▶ _Task item_:
Everything from the line that contains "constraint symmetric L16 L17.end L19.end" to the end of the data below is to be reproduced verbatim; leave all else out.

▶ _Data to use_:
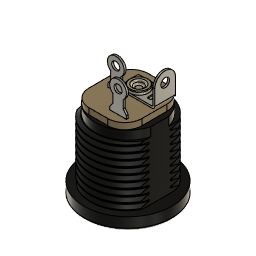
DC jack (Autodesk Fusion 360 design; units mm, degrees)
Autodesk Fusion 360 part; units mm, degrees
note: some values were not read from the file. Chosen so that the rebuilt part matches the saved one: which pieces of a blend or face edit are solid. Set by a fixed rule: which sketch regions a step uses.
sketch "Sketch1" plane through (0, 0, 0) normal (0, 0, 1) x (1, 0, 0)
  circle A0 centre (0, 0) radius 7.05
  line L0 (0, 0) -> (0, 7.05) construction
  circle A1 centre (0, 1.75) radius 3.2
  dimension "d1" = 14.1
  dimension "d2" = 6.4
  dimension "d3" = 2.1
  constraint coincident A0.centre L0.start
  constraint coincident A0 L0.end
  constraint vertical L0
  constraint coincident L0 A1.centre
  measures "d1" diameter of A0
  measures "d2" diameter of A1
  measures "d3" distance of L0.end A1
extrude "Extrude1" add sketch "Sketch1" along normal blind 2 contours A0 | A1 makes body 1
sketch "Sketch2" plane through (0, 0, 2) normal (0, 0, 1) x (-1, 0, 0)
  circle A0 centre (0, 0) radius 6
  constraint coincident A0.centre origin
extrude "Extrude2" add sketch "Sketch2" along normal blind 9.4 bodies 1
sketch "Sketch3" plane through (0, 0, 11.4) normal (0, 0, 1) x (-1, 0, 0)
  circle A0 centre (0, 0) radius 5.3
  dimension "d8" = 10.6
  constraint coincident A0.centre origin
  measures "d8" diameter of A0
extrude "Extrude3" add sketch "Sketch3" along normal blind 1.4 bodies 1
extrude "Extrude4" cut sketch "Sketch1" along normal blind 10.8 contours A1 bodies 1
thread "Thread1" "ISO Metric profile 12.0 M12x1 6g" major diameter 11.884 minor diameter 10.7405 pitch 1 angle 60 modelled right hand crest width 0.1426 on face at (-5.9925, 0.2991, 8.2667) crest through (-5.942, 0, 1.75) on bodies 1
sketch "Sketch4" plane through (0, 0, 12.8) normal (0, 0, 1) x (-1, 0, 0)
  line L0 (0, 0) -> (-5.1, 0) construction
  line L1 (0, 0) -> (0, -3.5) construction
  line L2 (-5.1, 0) -> (-5.1, -6.5)
  line L3 (-5.1, -6.5) -> (-9, -6.5)
  line L4 (-9, -6.5) -> (-9, 7.5)
  line L5 (-9, 7.5) -> (-5.1, 7.5)
  line L6 (-5.1, 7.5) -> (-5.1, 0)
  line L7 (5.1, 0) -> (5.1, -6.5)
  line L8 (5.1, -6.5) -> (9, -6.5)
  line L9 (9, -6.5) -> (9, 7.5)
  line L10 (9, 7.5) -> (5.1, 7.5)
  line L11 (5.1, 7.5) -> (5.1, 0)
  dimension "d13" = 5.1
  constraint coincident L0.start L1.start
  constraint horizontal L0
  constraint perpendicular L0 L1
  constraint perpendicular L0 L2
  constraint perpendicular L2 L3
  constraint perpendicular L3 L4
  constraint perpendicular L2 L5
  constraint perpendicular L0 L6
  constraint symmetric L0.end L1 L7.start
  constraint symmetric L1 L2.end L7.end
  constraint symmetric L1 L3.end L8.end
  constraint symmetric L1 L4.end L9.end
  constraint symmetric L1 L5.end L10.end
  measures "d13" distance of L0.start L0.end
extrude "Extrude5" cut sketch "Sketch4" against normal up to surface (10.8 mm away) bodies 1
sketch "Sketch5" plane through (0, 0, 12.8) normal (0, 0, 1) x (-1, 0, 0)
  circle A0 centre (0, -1.75) radius 3.2
  circle A1 centre (0, -1.75) radius 1
  line L0 (3.58, 0.05) -> (-3.58, 0.05)
  line L1 (0, -1.75) -> (0, 4.5) construction
  line L2 (2.17, 4.05) -> (2.17, 3.35)
  line L3 (-2.17, 4.05) -> (-2.17, 3.35)
  line L4 (3.58, 3.35) -> (2.17, 3.35)
  line L5 (-2.17, 3.35) -> (-3.58, 3.35)
  line L6 (-0.3, 4.05) -> (-0.3, 3.35)
  line L7 (0.3, 3.35) -> (0.3, 4.05)
  line L8 (-0.3, 3.35) -> (0.3, 3.35)
  line L9 (2.17, 4.05) -> (0.3, 4.05)
  line L10 (-0.3, 4.05) -> (-2.17, 4.05)
  line L11 (3.58, 3.35) -> (3.58, 3.05)
  line L12 (-3.58, 3.35) -> (-3.58, 3.05)
  line L13 (3.58, 0.05) -> (3.58, 0.35)
  line L14 (-3.58, 0.05) -> (-3.58, 0.35)
  line L15 (2.95, 0.05) -> (2.95, 3.35)
  line L16 (3.58, 0.35) -> (2.95, 0.35)
  line L17 (3.58, 3.05) -> (2.95, 3.05)
  line L18 (-3.58, 0.35) -> (-2.95, 0.35)
  line L19 (-2.95, 0.05) -> (-2.95, 3.35)
  line L20 (-3.58, 3.05) -> (-2.95, 3.05)
  dimension "d16" = 2
  dimension "d17" = 0.8
  dimension "d18" = 3.58
  dimension "d19" = 3.58
  dimension "d22" = 2.17
  dimension "d23" = 2.17
  dimension "d24" = 0.3
  dimension "d25" = 0.3
  dimension "d26" = 0.3
  dimension "d27" = 0.3
  dimension "d28" = 0.3
  dimension "d29" = 0.3
  dimension "d30" = 2.95
  constraint concentric A0 A1
  constraint horizontal L0
  constraint coincident A0.centre A1.centre
  constraint perpendicular L0 L1
  constraint parallel L0 L9
  constraint perpendicular L2 L4
  constraint coincident L3.end L4
  constraint perpendicular L3 L4
  constraint parallel L0 L4
  constraint collinear L4 L5
  constraint coincident L6.start L9
  constraint perpendicular L5 L6
  constraint perpendicular L7 L9
  constraint perpendicular L6 L8
  constraint collinear L9 L10
  constraint perpendicular L4 L11
  constraint perpendicular L5 L12
  constraint perpendicular L0 L13
  constraint perpendicular L0 L14
  constraint parallel L11 L15
  constraint perpendicular L15 L16
  constraint perpendicular L15 L17
  constraint symmetric L1 L11.end L12.end
  constraint symmetric L1 L13.end L14.end
  constraint symmetric L1 L16.end L18.end
  constraint symmetric L1 L17.end L20.end
  constraint coincident L0 L15.start
  constraint coincident L16.end L15
  constraint coincident L4 L15.end
  constraint coincident L17.end L15
  constraint coincident L0 L19.start
  constraint coincident L18.end L19
  constraint coincident L20.end L19
  measures "d16" diameter of A1
  measures "d17" distance of A1 L0
  measures "d18" distance of L0.end L1
  measures "d19" distance of L0.start L1
  measures "d22" distance of L1 L3.start
  measures "d23" distance of L1 L2.start
  measures "d24" distance of L1 L6
  measures "d25" distance of L1 L7
  measures "d26" distance of L4.start L11.end
  measures "d27" distance of L5.end L12.end
  measures "d28" distance of L0.start L13.end
  measures "d29" distance of L0.end L14.end
  measures "d30" distance of L1 L15
extrude "Extrude6" cut sketch "Sketch5" against normal blind 5.3 contours L0 L13 L15 L16 | L0 L14 L18 L19 | L4 L11 L15 L17 | L5 L12 L19 L20 bodies 1
extrude "Extrude7" cut sketch "Sketch5" against normal up to surface (10.8 mm away) contours A0 L0 | A0 L0 L2 L3 L4 L5 L6 L7 L8 L9 L10 L15 L19 picked at (0.0798, 0.5137) bodies 1
extrude "Extrude8" cut sketch "Sketch5" against normal up to surface (2 mm away) contours A1 bodies 1
fillet "Fillet1" radius 0.4 1 faces at (0.7783, -5.1149, 0) on bodies 1
sketch "Sketch6" plane through (0, -0.05, 0) normal (0, -1, 0) x (1, 0, 0)
  line L0 (-2.95, 2) -> (-2.6458, 2)
  line L1 (2.6458, 2) -> (2.95, 2)
  line L2 (-3.48, 7.5) -> (-3.044, 7.5)
  line L3 (0, 5) -> (0, 13.7) construction
  line L4 (-1.786, 9.95) -> (0, 9.95)
  line L5 (-1.8768, 9.8919) -> (-2.9532, 7.5581)
  line L6 (-3.58, 12.7) -> (-3.58, 7.6)
  arc A0 (-3.58, 7.6) -> (-3.48, 7.5) centre (-3.48, 7.6) ccw
  arc A1 (-3.044, 7.5) -> (-2.9532, 7.5581) centre (-3.044, 7.6) ccw
  arc A2 (-1.786, 9.95) -> (-1.8768, 9.8919) centre (-1.786, 9.85) ccw
  line L7 (-2.88, 12.8) -> (-2.88, 14.3)
  line L8 (-0.34, 12.8) -> (-0.34, 14.3)
  arc A3 (-3.48, 12.8) -> (-3.58, 12.7) centre (-3.48, 12.7) ccw
  line L9 (3.58, 12.7) -> (3.58, 7.6)
  arc A4 (3.58, 12.7) -> (3.48, 12.8) centre (3.48, 12.7) ccw
  arc A5 (3.48, 7.5) -> (3.58, 7.6) centre (3.48, 7.6) ccw
  line L10 (3.48, 7.5) -> (3.044, 7.5)
  arc A6 (2.9532, 7.5581) -> (3.044, 7.5) centre (3.044, 7.6) ccw
  line L11 (1.8768, 9.8919) -> (2.9532, 7.5581)
  arc A7 (1.8768, 9.8919) -> (1.786, 9.95) centre (1.786, 9.85) ccw
  line L12 (1.786, 9.95) -> (0, 9.95)
  line L13 (-5, 18.7) -> (6, 18.7) construction
  line L14 (-3.48, 12.8) -> (-2.88, 12.8)
  line L15 (-0.34, 12.8) -> (3.48, 12.8)
  line L16 (-1.61, 12.8) -> (-1.61, 18.7) construction
  circle A8 centre (-1.61, 17.35) radius 0.65
  line L17 (-2.435, 14.9814) -> (-2.435, 16.2814)
  line L18 (-2.435, 14.9814) -> (-2.88, 14.3)
  line L19 (-0.785, 14.9814) -> (-0.785, 16.2814)
  line L20 (-0.785, 14.9814) -> (-0.34, 14.3)
  arc A9 (-0.785, 16.2814) -> (-2.435, 16.2814) centre (-1.61, 17.35) ccw
  circle A10 centre (0, 11.6) radius 0.75
  point P0 (-3.58, 7.5)
  point P1 (-2.98, 7.5)
  point P2 (-1.85, 9.95)
  dimension "d39" = 0.6
  dimension "d40" = 1.85
  dimension "d42" = 0.1
  dimension "d43" = 0.1
  dimension "d44" = 0.1
  dimension "d45" = 0.7
  dimension "d46" = 2.54
  dimension "d47" = 0.1
  dimension "d50" = 1.3
  dimension "d51" = 0.7
  dimension "d54" = 1.5
  dimension "d55" = 1.5
  dimension "d56" = 0.825
  dimension "d57" = 1.3
  dimension "d58" = 1.5
  dimension "d59" = 1.2
  constraint coincident L3 L4.end
  constraint perpendicular L3 L4
  constraint perpendicular L2 L6
  constraint coincident P0 L2
  constraint coincident P0 L6
  constraint tangent L2 A0
  constraint tangent L6 A0
  constraint coincident P1 L2
  constraint coincident P1 L5
  constraint tangent L2 A1
  constraint tangent L5 A1
  constraint coincident P2 L4
  constraint coincident P2 L5
  constraint tangent L4 A2
  constraint tangent L5 A2
  constraint tangent L6 A3
  constraint symmetric L3 L4.end L12.end
  constraint symmetric L3 L2.start A5.start
  constraint symmetric L3 L6.end L9.end
  constraint symmetric L3 A0 A5
  constraint symmetric L3 L2.end L10.end
  constraint symmetric L3 L5.end A6.start
  constraint symmetric L3 A1 A6
  constraint symmetric L3 L4.start A7.end
  constraint symmetric L3 L5.start L11.start
  constraint symmetric L3 A2 A7
  constraint symmetric L3 A3.start A4.end
  constraint symmetric L3 L6.start L9.start
  constraint symmetric L3 A3 A4
  constraint horizontal L13
  constraint tangent A3 L14
  constraint perpendicular L8 L15
  constraint coincident L13 L16.end
  constraint perpendicular L13 L16
  constraint coincident L16 A8.centre
  constraint concentric A8 A9
  constraint coincident L16.end A9
  constraint vertical L17
  constraint symmetric L7.end L16 L8.end
  constraint symmetric L16 L17.start L19.start
  constraint symmetric L16 L17.end L19.end
  constraint coincident L3 A10.centre
  measures "d39" distance of P0 P1
  measures "d40" distance of L3 P2
  measures "d42" radius of A0
  measures "d43" radius of A1
  measures "d44" radius of A2
  measures "d45" distance of L6 L7
  measures "d46" distance of L7 L8
  measures "d47" radius of A3
  measures "d50" diameter of A8
  measures "d51" distance of L13 A8
  measures "d54" distance of L7.end L14
  measures "d55" distance of L8.end L15
  measures "d56" distance of L16 L17
  measures "d57" distance of L17.start L17.end
  measures "d58" diameter of A10
  measures "d59" distance of L15 A10.centre
extrude "Extrude9" add sketch "Sketch6" along normal blind 0.3 separate body contours L2 L4 L5 L6 A0 A1 A2 L7 L8 A3 L9 A4 A5 L10 A6 L11 A7 L12 L14 L15 L17 L18 L19 L20 A9 | A10 makes body 2
extrude "Extrude10" add sketch "Sketch6" along normal up to surface (0.5 mm away) contours A10 bodies 2
extrude "Extrude11" cut sketch "Sketch6" along normal blind 0.2 contours A10 bodies 2
fillet "Fillet2" radius 0.4 1 edges at (-0.6992, -0.55, 11.8712) on bodies 2
move_face "OffsetFaces1" offset 0.2 1 faces at (0.7491, -0.1833, 11.5626) on bodies 2
fillet "Fillet3" radius 0.4 1 edges at (-0.5128, -0.25, 11.4011) on bodies 2
fillet "Fillet4" radius 0.2 1 edges at (-0.5128, -0.05, 11.4011) on bodies 2
sketch "Sketch7" plane through (0, 0, 10.8) normal (0, 0, -1) x (1, 0, 0)
  circle A0 centre (0, -1.75) radius 1
  circle A1 centre (0, -1.75) radius 1.65
  dimension "d73" = 3.3
  constraint concentric A0 A1
  measures "d73" diameter of A1
extrude "Extrude12" add sketch "Sketch7" along normal blind 8 separate body contours A0 makes body 3
extrude "Extrude13" add sketch "Sketch7" along normal blind 1 bodies 3
fillet "Fillet5" radius 0.3 1 faces at (1.6418, 1.9143, 10.4667) on bodies 3
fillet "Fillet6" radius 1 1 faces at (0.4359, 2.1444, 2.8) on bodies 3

▶ _Task result_:
  constraint symmetric L16 L17.end L19.end
  constraint coincident L3 A10.centre
  measures "d39" distance of P0 P1
  measures "d40" distance of L3 P2
  measures "d42" radius of A0
  measures "d43" radius of A1
  measures "d44" radius of A2
  measures "d45" distance of L6 L7
  measures "d46" distance of L7 L8
  measures "d47" radius of A3
  measures "d50" diameter of A8
  measures "d51" distance of L13 A8
  measures "d54" distance of L7.end L14
  measures "d55" distance of L8.end L15
  measures "d56" distance of L16 L17
  measures "d57" distance of L17.start L17.end
  measures "d58" diameter of A10
  measures "d59" distance of L15 A10.centre
extrude "Extrude9" add sketch "Sketch6" along normal blind 0.3 separate body contours L2 L4 L5 L6 A0 A1 A2 L7 L8 A3 L9 A4 A5 L10 A6 L11 A7 L12 L14 L15 L17 L18 L19 L20 A9 | A10 makes body 2
extrude "Extrude10" add sketch "Sketch6" along normal up to surface (0.5 mm away) contours A10 bodies 2
extrude "Extrude11" cut sketch "Sketch6" along normal blind 0.2 contours A10 bodies 2
fillet "Fillet2" radius 0.4 1 edges at (-0.6992, -0.55, 11.8712) on bodies 2
move_face "OffsetFaces1" offset 0.2 1 faces at (0.7491, -0.1833, 11.5626) on bodies 2
fillet "Fillet3" radius 0.4 1 edges at (-0.5128, -0.25, 11.4011) on bodies 2
fillet "Fillet4" radius 0.2 1 edges at (-0.5128, -0.05, 11.4011) on bodies 2
sketch "Sketch7" plane through (0, 0, 10.8) normal (0, 0, -1) x (1, 0, 0)
  circle A0 centre (0, -1.75) radius 1
  circle A1 centre (0, -1.75) radius 1.65
  dimension "d73" = 3.3
  constraint concentric A0 A1
  measures "d73" diameter of A1
extrude "Extrude12" add sketch "Sketch7" along normal blind 8 separate body contours A0 makes body 3
extrude "Extrude13" add sketch "Sketch7" along normal blind 1 bodies 3
fillet "Fillet5" radius 0.3 1 faces at (1.6418, 1.9143, 10.4667) on bodies 3
fillet "Fillet6" radius 1 1 faces at (0.4359, 2.1444, 2.8) on bodies 3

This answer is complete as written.